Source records
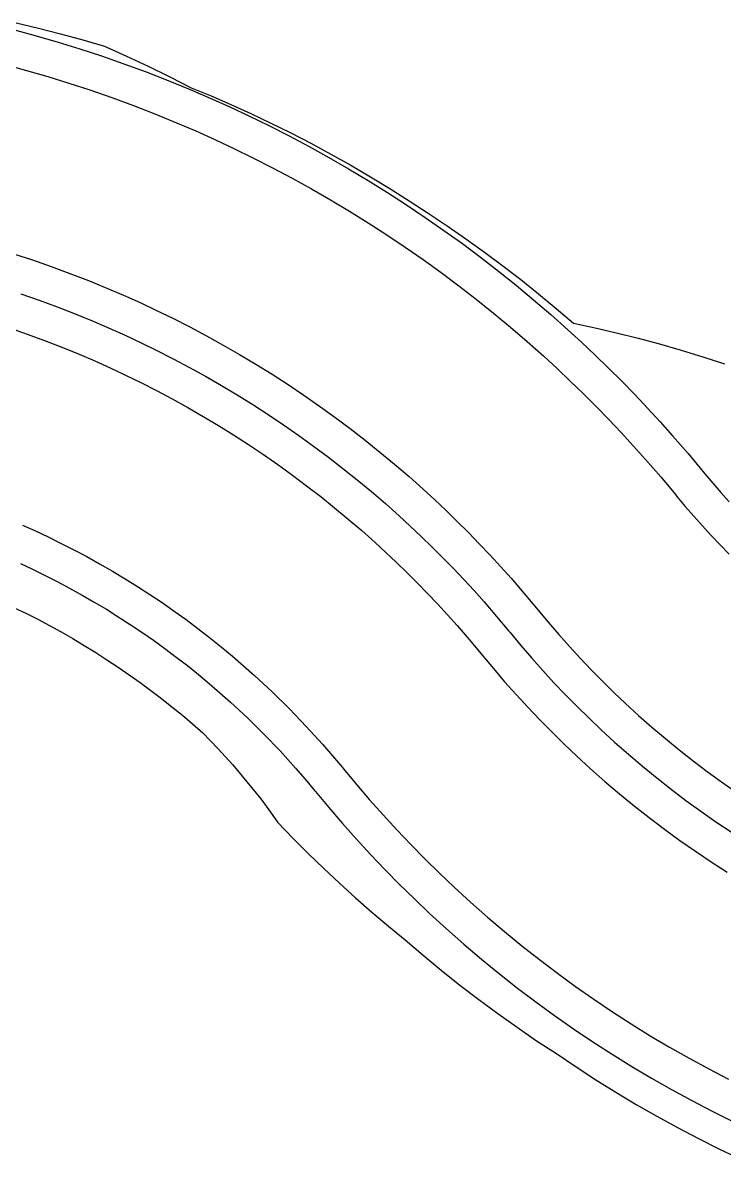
# Model space of a CAD drawing. Extents: x 8855 to 9481, y 3861 to 4019.
# Drawn here: x 9168.1 to 9246.3, y 3871.8 to 3998.5 of the extents above; entities that cross this region are included whole.
import ezdxf

# ---------------------------------------------------------------- set-up
doc = ezdxf.new("R2010")
doc.units = 0
doc.header["$MEASUREMENT"] = 0
doc.layers.add('TRIMBLE_ROAD', color=7, linetype='CONTINUOUS')

msp = doc.modelspace()

# ---------------------------------------------------------------- linework, layer by layer
at = {"layer": 'TRIMBLE_ROAD', "color": 1}
for points in [[(9167.422205, 3998.539347, 1960.168267), (9169.89764, 3997.94845, 1960.150864), (9172.363938, 3997.314957, 1960.13346), (9174.820365, 3996.639009, 1960.116057), (9177.266192, 3995.920758, 1960.098654), (9179.711479, 3994.827225, 1960.180648), (9182.132935, 3993.691499, 1960.262642), (9184.529832, 3992.514082, 1960.344636), (9186.901457, 3991.295491, 1960.42663), (9189.130266, 3990.374156, 1960.482111), (9191.344277, 3989.41647, 1960.537593), (9193.542899, 3988.422671, 1960.593074), (9195.725541, 3987.393006, 1960.648556), (9197.996794, 3986.266143, 1960.675006), (9200.24886, 3985.100423, 1960.701457), (9202.481075, 3983.896174, 1960.727907), (9204.69278, 3982.653733, 1960.754358), (9206.883321, 3981.37345, 1960.780808), (9209.052051, 3980.055685, 1960.807259), (9211.198328, 3978.70081, 1960.833709), (9213.321518, 3977.309208, 1960.86016), (9215.434228, 3975.899962, 1960.892336), (9217.523236, 3974.454328, 1960.924513), (9219.587913, 3972.972705, 1960.956689), (9221.62764, 3971.455503, 1960.988865), (9223.641803, 3969.903141, 1961.021041), (9225.629797, 3968.316051, 1961.053218), (9227.591023, 3966.694674, 1961.085394), (9229.524888, 3965.039461, 1961.11757), (9231.912294, 3964.532768, 1961.4443), (9234.305027, 3963.980615, 1961.771029), (9236.702277, 3963.382755, 1962.097758), (9239.103231, 3962.738954, 1962.424487), (9241.507069, 3962.048993, 1962.751216), (9243.912965, 3961.312666, 1963.077946), (9246.320089, 3960.529782, 1963.404675)], [(9167.422205, 3998.539347, 1960.168267), (9169.89764, 3997.94845, 1960.150864), (9172.363938, 3997.314957, 1960.13346), (9174.820365, 3996.639009, 1960.116057), (9177.266192, 3995.920758, 1960.098654), (9179.711479, 3994.827225, 1960.180648), (9182.132935, 3993.691499, 1960.262642), (9184.529832, 3992.514082, 1960.344636), (9186.901457, 3991.295491, 1960.42663), (9189.130266, 3990.374156, 1960.482111), (9191.344277, 3989.41647, 1960.537593), (9193.542899, 3988.422671, 1960.593074), (9195.725541, 3987.393006, 1960.648556), (9197.996794, 3986.266143, 1960.675006), (9200.24886, 3985.100423, 1960.701457), (9202.481075, 3983.896174, 1960.727907), (9204.69278, 3982.653733, 1960.754358), (9206.883321, 3981.37345, 1960.780808), (9209.052051, 3980.055685, 1960.807259), (9211.198328, 3978.70081, 1960.833709), (9213.321518, 3977.309208, 1960.86016), (9215.434228, 3975.899962, 1960.892336), (9217.523236, 3974.454328, 1960.924513), (9219.587913, 3972.972705, 1960.956689), (9221.62764, 3971.455503, 1960.988865), (9223.641803, 3969.903141, 1961.021041), (9225.629797, 3968.316051, 1961.053218), (9227.591023, 3966.694674, 1961.085394), (9229.524888, 3965.039461, 1961.11757), (9231.912294, 3964.532768, 1961.4443), (9234.305027, 3963.980615, 1961.771029), (9236.702277, 3963.382755, 1962.097758), (9239.103231, 3962.738954, 1962.424487), (9241.507069, 3962.048993, 1962.751216), (9243.912965, 3961.312666, 1963.077946), (9246.320089, 3960.529782, 1963.404675)], [(9167.212481, 3997.742683, 1960.248771), (9169.652512, 3997.077995, 1960.282856), (9172.08083, 3996.371713, 1960.31694), (9174.496725, 3995.624041, 1960.351025), (9176.899492, 3994.835198, 1960.385109), (9179.402753, 3993.964554, 1960.40971), (9181.890022, 3993.049224, 1960.434311), (9184.360502, 3992.089502, 1960.458911), (9186.813399, 3991.085694, 1960.483512), (9189.025676, 3990.135907, 1960.502386), (9191.22221, 3989.15026, 1960.521259), (9193.402421, 3988.129013, 1960.540133), (9195.56573, 3987.072436, 1960.559007), (9197.819302, 3985.924839, 1960.578832), (9200.052935, 3984.738903, 1960.598658), (9202.265979, 3983.514975, 1960.618483), (9204.457786, 3982.253411, 1960.638308), (9206.627717, 3980.954581, 1960.658134), (9208.775139, 3979.618862, 1960.677959), (9210.899424, 3978.246646, 1960.697785), (9212.999951, 3976.838333, 1960.71761), (9215.076109, 3975.394335, 1960.737435), (9217.12729, 3973.915072, 1960.757261), (9219.152896, 3972.400977, 1960.777086), (9221.152335, 3970.852491, 1960.796912), (9223.125023, 3969.270068, 1960.816737), (9225.070384, 3967.654169, 1960.836563), (9226.987851, 3966.005265, 1960.856388), (9228.876864, 3964.323839, 1960.876213), (9230.40795, 3962.917685, 1960.89251), (9231.919134, 3961.490164, 1960.908807), (9233.410118, 3960.041558, 1960.925103), (9234.880609, 3958.572153, 1960.9414), (9236.330316, 3957.082239, 1960.957697), (9237.758953, 3955.57211, 1960.973993), (9239.166238, 3954.042064, 1960.99029), (9240.551893, 3952.492402, 1961.006586), (9242.273029, 3950.504815, 1961.006088), (9243.958586, 3948.486967, 1961.00559), (9244.139166, 3948.26641, 1961.005536), (9245.022485, 3947.203816, 1961.005108), (9245.923584, 3946.156257, 1961.00468), (9246.842207, 3945.124031, 1961.004251)], [(9167.212481, 3997.742683, 1960.248771), (9169.652512, 3997.077995, 1960.282856), (9172.08083, 3996.371713, 1960.31694), (9174.496725, 3995.624041, 1960.351025), (9176.899492, 3994.835198, 1960.385109), (9179.402753, 3993.964554, 1960.40971), (9181.890022, 3993.049224, 1960.434311), (9184.360502, 3992.089502, 1960.458911), (9186.813399, 3991.085694, 1960.483512), (9189.025676, 3990.135907, 1960.502386), (9191.22221, 3989.15026, 1960.521259), (9193.402421, 3988.129013, 1960.540133), (9195.56573, 3987.072436, 1960.559007), (9197.819302, 3985.924839, 1960.578832), (9200.052935, 3984.738903, 1960.598658), (9202.265979, 3983.514975, 1960.618483), (9204.457786, 3982.253411, 1960.638308), (9206.627717, 3980.954581, 1960.658134), (9208.775139, 3979.618862, 1960.677959), (9210.899424, 3978.246646, 1960.697785), (9212.999951, 3976.838333, 1960.71761), (9215.076109, 3975.394335, 1960.737435), (9217.12729, 3973.915072, 1960.757261), (9219.152896, 3972.400977, 1960.777086), (9221.152335, 3970.852491, 1960.796912), (9223.125023, 3969.270068, 1960.816737), (9225.070384, 3967.654169, 1960.836563), (9226.987851, 3966.005265, 1960.856388), (9228.876864, 3964.323839, 1960.876213), (9230.40795, 3962.917685, 1960.89251), (9231.919134, 3961.490164, 1960.908807), (9233.410118, 3960.041558, 1960.925103), (9234.880609, 3958.572153, 1960.9414), (9236.330316, 3957.082239, 1960.957697), (9237.758953, 3955.57211, 1960.973993), (9239.166238, 3954.042064, 1960.99029), (9240.551893, 3952.492402, 1961.006586), (9242.273029, 3950.504815, 1961.006088), (9243.958586, 3948.486967, 1961.00559), (9244.139166, 3948.26641, 1961.005536), (9245.022485, 3947.203816, 1961.005108), (9245.923584, 3946.156257, 1961.00468), (9246.842207, 3945.124031, 1961.004251)], [(9166.194165, 3993.874475, 1960.368771), (9168.56825, 3993.227752, 1960.402856), (9170.930937, 3992.540558, 1960.43694), (9173.281538, 3991.813093, 1960.471025), (9175.619365, 3991.045571, 1960.505109), (9178.054971, 3990.198458, 1960.52971), (9180.475017, 3989.307867, 1960.554311), (9182.878726, 3988.374082, 1960.578911), (9185.265329, 3987.397404, 1960.603512), (9187.417815, 3986.473288, 1960.622386), (9189.554983, 3985.51428, 1960.641259), (9191.676269, 3984.520634, 1960.660133), (9193.781111, 3983.492613, 1960.679007), (9195.973775, 3982.376032, 1960.698832), (9198.14704, 3981.222149, 1960.718658), (9200.300271, 3980.0313, 1960.738483), (9202.432841, 3978.803832, 1960.758308), (9204.544125, 3977.540105, 1960.778134), (9206.633508, 3976.240487, 1960.797959), (9208.70038, 3974.905358, 1960.817785), (9210.744137, 3973.535108, 1960.83761), (9212.764182, 3972.130136, 1960.857435), (9214.759925, 3970.690853, 1960.877261), (9216.730785, 3969.21768, 1960.897086), (9218.676185, 3967.711045, 1960.916912), (9220.595557, 3966.17139, 1960.936737), (9222.488342, 3964.599164, 1960.956563), (9224.353985, 3962.994825, 1960.976388), (9226.191943, 3961.358843, 1960.996213), (9227.681648, 3959.990693, 1961.01251), (9229.15199, 3958.601754, 1961.028807), (9230.602677, 3957.192299, 1961.045103), (9232.033425, 3955.762608, 1961.0614), (9233.443951, 3954.312962, 1961.077697), (9234.833976, 3952.843647, 1961.093993), (9236.203226, 3951.354953, 1961.11029), (9237.551431, 3949.847174, 1961.126586), (9239.22605, 3947.913306, 1961.126088), (9240.866051, 3945.949994, 1961.12559), (9241.04175, 3945.735398, 1961.125536), (9241.968158, 3944.62097, 1961.125108), (9242.913214, 3943.522312, 1961.12468), (9243.876648, 3942.439733, 1961.124251), (9244.858187, 3941.373543, 1961.123823), (9245.857553, 3940.324044, 1961.123394), (9246.874462, 3939.291534, 1961.122966)], [(9166.194165, 3993.874475, 1960.368771), (9168.56825, 3993.227752, 1960.402856), (9170.930937, 3992.540558, 1960.43694), (9173.281538, 3991.813093, 1960.471025), (9175.619365, 3991.045571, 1960.505109), (9178.054971, 3990.198458, 1960.52971), (9180.475017, 3989.307867, 1960.554311), (9182.878726, 3988.374082, 1960.578911), (9185.265329, 3987.397404, 1960.603512), (9187.417815, 3986.473288, 1960.622386), (9189.554983, 3985.51428, 1960.641259), (9191.676269, 3984.520634, 1960.660133), (9193.781111, 3983.492613, 1960.679007), (9195.973775, 3982.376032, 1960.698832), (9198.14704, 3981.222149, 1960.718658), (9200.300271, 3980.0313, 1960.738483), (9202.432841, 3978.803832, 1960.758308), (9204.544125, 3977.540105, 1960.778134), (9206.633508, 3976.240487, 1960.797959), (9208.70038, 3974.905358, 1960.817785), (9210.744137, 3973.535108, 1960.83761), (9212.764182, 3972.130136, 1960.857435), (9214.759925, 3970.690853, 1960.877261), (9216.730785, 3969.21768, 1960.897086), (9218.676185, 3967.711045, 1960.916912), (9220.595557, 3966.17139, 1960.936737), (9222.488342, 3964.599164, 1960.956563), (9224.353985, 3962.994825, 1960.976388), (9226.191943, 3961.358843, 1960.996213), (9227.681648, 3959.990693, 1961.01251), (9229.15199, 3958.601754, 1961.028807), (9230.602677, 3957.192299, 1961.045103), (9232.033425, 3955.762608, 1961.0614), (9233.443951, 3954.312962, 1961.077697), (9234.833976, 3952.843647, 1961.093993), (9236.203226, 3951.354953, 1961.11029), (9237.551431, 3949.847174, 1961.126586), (9239.22605, 3947.913306, 1961.126088), (9240.866051, 3945.949994, 1961.12559), (9241.04175, 3945.735398, 1961.125536), (9241.968158, 3944.62097, 1961.125108), (9242.913214, 3943.522312, 1961.12468), (9243.876648, 3942.439733, 1961.124251), (9244.858187, 3941.373543, 1961.123823), (9245.857553, 3940.324044, 1961.123394), (9246.874462, 3939.291534, 1961.122966)], [(9167.205603, 3972.758356, 1959.871025), (9169.218732, 3972.097434, 1959.905109), (9171.316059, 3971.367976, 1959.92971), (9173.399987, 3970.601078, 1959.954311), (9175.469848, 3969.796985, 1959.978911), (9177.524978, 3968.955957, 1960.003512), (9179.378507, 3968.16019, 1960.022386), (9181.218847, 3967.334378, 1960.041259), (9183.04551, 3966.478738, 1960.060133), (9184.858012, 3965.593498, 1960.079007), (9186.74614, 3964.631998, 1960.098832), (9188.617562, 3963.638376, 1960.118658), (9190.471734, 3962.612923, 1960.138483), (9192.308113, 3961.555937, 1960.158308), (9194.126164, 3960.467727, 1960.178134), (9195.925354, 3959.348612, 1960.197959), (9197.705161, 3958.198918, 1960.217785), (9199.465062, 3957.01898, 1960.23761), (9201.204546, 3955.809143, 1960.257435), (9202.923103, 3954.569761, 1960.277261), (9204.620232, 3953.301194, 1960.297086), (9206.295437, 3952.003815, 1960.316912), (9207.94823, 3950.678001, 1960.336737), (9209.578128, 3949.324139, 1960.356563), (9211.184654, 3947.942625, 1960.376388), (9212.76734, 3946.533863, 1960.396213), (9214.050142, 3945.355734, 1960.41251), (9215.316269, 3944.159703, 1960.428807), (9216.565473, 3942.946006, 1960.445103), (9217.797505, 3941.714883, 1960.4614), (9219.012124, 3940.466577, 1960.477697), (9220.20909, 3939.201333, 1960.493993), (9221.388167, 3937.919402, 1960.51029), (9222.549122, 3936.621037, 1960.526586), (9223.991155, 3934.955761, 1960.547198), (9225.403378, 3933.265132, 1960.56781), (9225.554674, 3933.080341, 1960.570044), (9226.696526, 3931.706744, 1960.587966), (9227.861362, 3930.352583, 1960.605888), (9229.04885, 3929.018242, 1960.62381), (9230.258655, 3927.704101, 1960.641732), (9231.490431, 3926.410532, 1960.659654), (9232.743831, 3925.137903, 1960.677576), (9234.018496, 3923.886575, 1960.695498), (9235.314067, 3922.656904, 1960.71342), (9236.771145, 3921.322283, 1960.733245), (9238.252847, 3920.015053, 1960.753071), (9239.758658, 3918.735669, 1960.772896), (9241.288056, 3917.484576, 1960.792722), (9242.840508, 3916.262209, 1960.812547), (9244.415476, 3915.068991, 1960.832373), (9246.012412, 3913.905339, 1960.852198), (9247.63076, 3912.771655, 1960.872023)], [(9167.205603, 3972.758356, 1959.871025), (9169.218732, 3972.097434, 1959.905109), (9171.316059, 3971.367976, 1959.92971), (9173.399987, 3970.601078, 1959.954311), (9175.469848, 3969.796985, 1959.978911), (9177.524978, 3968.955957, 1960.003512), (9179.378507, 3968.16019, 1960.022386), (9181.218847, 3967.334378, 1960.041259), (9183.04551, 3966.478738, 1960.060133), (9184.858012, 3965.593498, 1960.079007), (9186.74614, 3964.631998, 1960.098832), (9188.617562, 3963.638376, 1960.118658), (9190.471734, 3962.612923, 1960.138483), (9192.308113, 3961.555937, 1960.158308), (9194.126164, 3960.467727, 1960.178134), (9195.925354, 3959.348612, 1960.197959), (9197.705161, 3958.198918, 1960.217785), (9199.465062, 3957.01898, 1960.23761), (9201.204546, 3955.809143, 1960.257435), (9202.923103, 3954.569761, 1960.277261), (9204.620232, 3953.301194, 1960.297086), (9206.295437, 3952.003815, 1960.316912), (9207.94823, 3950.678001, 1960.336737), (9209.578128, 3949.324139, 1960.356563), (9211.184654, 3947.942625, 1960.376388), (9212.76734, 3946.533863, 1960.396213), (9214.050142, 3945.355734, 1960.41251), (9215.316269, 3944.159703, 1960.428807), (9216.565473, 3942.946006, 1960.445103), (9217.797505, 3941.714883, 1960.4614), (9219.012124, 3940.466577, 1960.477697), (9220.20909, 3939.201333, 1960.493993), (9221.388167, 3937.919402, 1960.51029), (9222.549122, 3936.621037, 1960.526586), (9223.991155, 3934.955761, 1960.547198), (9225.403378, 3933.265132, 1960.56781), (9225.554674, 3933.080341, 1960.570044), (9226.696526, 3931.706744, 1960.587966), (9227.861362, 3930.352583, 1960.605888), (9229.04885, 3929.018242, 1960.62381), (9230.258655, 3927.704101, 1960.641732), (9231.490431, 3926.410532, 1960.659654), (9232.743831, 3925.137903, 1960.677576), (9234.018496, 3923.886575, 1960.695498), (9235.314067, 3922.656904, 1960.71342), (9236.771145, 3921.322283, 1960.733245), (9238.252847, 3920.015053, 1960.753071), (9239.758658, 3918.735669, 1960.772896), (9241.288056, 3917.484576, 1960.792722), (9242.840508, 3916.262209, 1960.812547), (9244.415476, 3915.068991, 1960.832373), (9246.012412, 3913.905339, 1960.852198), (9247.63076, 3912.771655, 1960.872023)], [(9167.938605, 3968.307807, 1959.785109), (9169.968276, 3967.601879, 1959.80971), (9171.984981, 3966.85972, 1959.834311), (9173.988072, 3966.081566, 1959.858911), (9175.976908, 3965.267668, 1959.883512), (9177.770646, 3964.497571, 1959.902386), (9179.55162, 3963.698397, 1959.921259), (9181.319358, 3962.870359, 1959.940133), (9183.073393, 3962.013675, 1959.959007), (9184.900613, 3961.083191, 1959.978832), (9186.711667, 3960.121622, 1959.998658), (9188.506026, 3959.129247, 1960.018483), (9190.283168, 3958.106358, 1960.038308), (9192.042571, 3957.053252, 1960.058134), (9193.783724, 3955.970237, 1960.077959), (9195.506117, 3954.85763, 1960.097785), (9197.209248, 3953.715754, 1960.11761), (9198.892619, 3952.544944, 1960.137435), (9200.555738, 3951.345542, 1960.157261), (9202.198121, 3950.117897, 1960.177086), (9203.819288, 3948.862369, 1960.196912), (9205.418765, 3947.579323, 1960.216737), (9206.996085, 3946.269134, 1960.236563), (9208.550788, 3944.932185, 1960.256388), (9210.08242, 3943.568867, 1960.276213), (9211.323841, 3942.428742, 1960.29251), (9212.549125, 3941.271292, 1960.308807), (9213.758032, 3940.096747, 1960.325103), (9214.950321, 3938.905338, 1960.3414), (9216.125759, 3937.6973, 1960.357697), (9217.284113, 3936.47287, 1960.373993), (9218.425155, 3935.232292, 1960.39029), (9219.54866, 3933.97581, 1960.406586), (9220.944176, 3932.364253, 1960.427198), (9222.310843, 3930.72816, 1960.44781), (9222.457259, 3930.549329, 1960.450044), (9223.6422, 3929.123899, 1960.467966), (9224.850991, 3927.718637, 1960.485888), (9226.083291, 3926.333944, 1960.50381), (9227.338748, 3924.970213, 1960.521732), (9228.617007, 3923.62783, 1960.539654), (9229.917704, 3922.307177, 1960.557576), (9231.240471, 3921.008629, 1960.575498), (9232.58493, 3919.732555, 1960.59342), (9234.096992, 3918.347571, 1960.613245), (9235.634608, 3916.991012, 1960.633071), (9237.197243, 3915.66335, 1960.652896), (9238.784353, 3914.365046, 1960.672722), (9240.395389, 3913.096551, 1960.692547), (9242.029789, 3911.858306, 1960.712373), (9243.686987, 3910.650742, 1960.732198), (9245.366405, 3909.474278, 1960.752023), (9247.067461, 3908.329323, 1960.771849)], [(9167.938605, 3968.307807, 1959.785109), (9169.968276, 3967.601879, 1959.80971), (9171.984981, 3966.85972, 1959.834311), (9173.988072, 3966.081566, 1959.858911), (9175.976908, 3965.267668, 1959.883512), (9177.770646, 3964.497571, 1959.902386), (9179.55162, 3963.698397, 1959.921259), (9181.319358, 3962.870359, 1959.940133), (9183.073393, 3962.013675, 1959.959007), (9184.900613, 3961.083191, 1959.978832), (9186.711667, 3960.121622, 1959.998658), (9188.506026, 3959.129247, 1960.018483), (9190.283168, 3958.106358, 1960.038308), (9192.042571, 3957.053252, 1960.058134), (9193.783724, 3955.970237, 1960.077959), (9195.506117, 3954.85763, 1960.097785), (9197.209248, 3953.715754, 1960.11761), (9198.892619, 3952.544944, 1960.137435), (9200.555738, 3951.345542, 1960.157261), (9202.198121, 3950.117897, 1960.177086), (9203.819288, 3948.862369, 1960.196912), (9205.418765, 3947.579323, 1960.216737), (9206.996085, 3946.269134, 1960.236563), (9208.550788, 3944.932185, 1960.256388), (9210.08242, 3943.568867, 1960.276213), (9211.323841, 3942.428742, 1960.29251), (9212.549125, 3941.271292, 1960.308807), (9213.758032, 3940.096747, 1960.325103), (9214.950321, 3938.905338, 1960.3414), (9216.125759, 3937.6973, 1960.357697), (9217.284113, 3936.47287, 1960.373993), (9218.425155, 3935.232292, 1960.39029), (9219.54866, 3933.97581, 1960.406586), (9220.944176, 3932.364253, 1960.427198), (9222.310843, 3930.72816, 1960.44781), (9222.457259, 3930.549329, 1960.450044), (9223.6422, 3929.123899, 1960.467966), (9224.850991, 3927.718637, 1960.485888), (9226.083291, 3926.333944, 1960.50381), (9227.338748, 3924.970213, 1960.521732), (9228.617007, 3923.62783, 1960.539654), (9229.917704, 3922.307177, 1960.557576), (9231.240471, 3921.008629, 1960.575498), (9232.58493, 3919.732555, 1960.59342), (9234.096992, 3918.347571, 1960.613245), (9235.634608, 3916.991012, 1960.633071), (9237.197243, 3915.66335, 1960.652896), (9238.784353, 3914.365046, 1960.672722), (9240.395389, 3913.096551, 1960.692547), (9242.029789, 3911.858306, 1960.712373), (9243.686987, 3910.650742, 1960.732198), (9245.366405, 3909.474278, 1960.752023), (9247.067461, 3908.329323, 1960.771849)], [(9166.658478, 3964.518179, 1959.905109), (9168.620494, 3963.835783, 1959.92971), (9170.569975, 3963.118362, 1959.954311), (9172.506297, 3962.366147, 1959.978911), (9174.428838, 3961.579378, 1960.003512), (9176.162785, 3960.834951, 1960.022386), (9177.884392, 3960.062417, 1960.041259), (9179.593206, 3959.26198, 1960.060133), (9181.288773, 3958.433852, 1960.079007), (9183.055086, 3957.534385, 1960.098832), (9184.805771, 3956.604867, 1960.118658), (9186.540319, 3955.645572, 1960.138483), (9188.258222, 3954.656779, 1960.158308), (9189.958979, 3953.638776, 1960.178134), (9191.642093, 3952.591862, 1960.197959), (9193.307073, 3951.516341, 1960.217785), (9194.953433, 3950.412529, 1960.23761), (9196.580691, 3949.280746, 1960.257435), (9198.188374, 3948.121324, 1960.277261), (9199.776011, 3946.9346, 1960.297086), (9201.343138, 3945.720923, 1960.316912), (9202.889299, 3944.480645, 1960.336737), (9204.414042, 3943.214129, 1960.356563), (9205.916922, 3941.921745, 1960.376388), (9207.397499, 3940.603871, 1960.396213), (9208.597539, 3939.50175, 1960.41251), (9209.781981, 3938.382882, 1960.428807), (9210.950591, 3937.247488, 1960.445103), (9212.103137, 3936.095793, 1960.4614), (9213.239394, 3934.928022, 1960.477697), (9214.359136, 3933.744408, 1960.493993), (9215.462144, 3932.545182, 1960.51029), (9216.548198, 3931.330582, 1960.526586), (9217.897197, 3929.772744, 1960.547198), (9219.218308, 3928.191187, 1960.56781), (9219.359844, 3928.018318, 1960.570044), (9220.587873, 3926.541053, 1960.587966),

> _Your assignment_: Could you reproduce exactly the lines of the entries above, from the one with "# Drawn here: x" through the one with "doc.units = 0", and nothing else?

> _Solution_:
# Drawn here: x 9168.1 to 9246.3, y 3871.8 to 3998.5 of the extents above; entities that cross this region are included whole.
import ezdxf

# ---------------------------------------------------------------- set-up
doc = ezdxf.new("R2010")
doc.units = 0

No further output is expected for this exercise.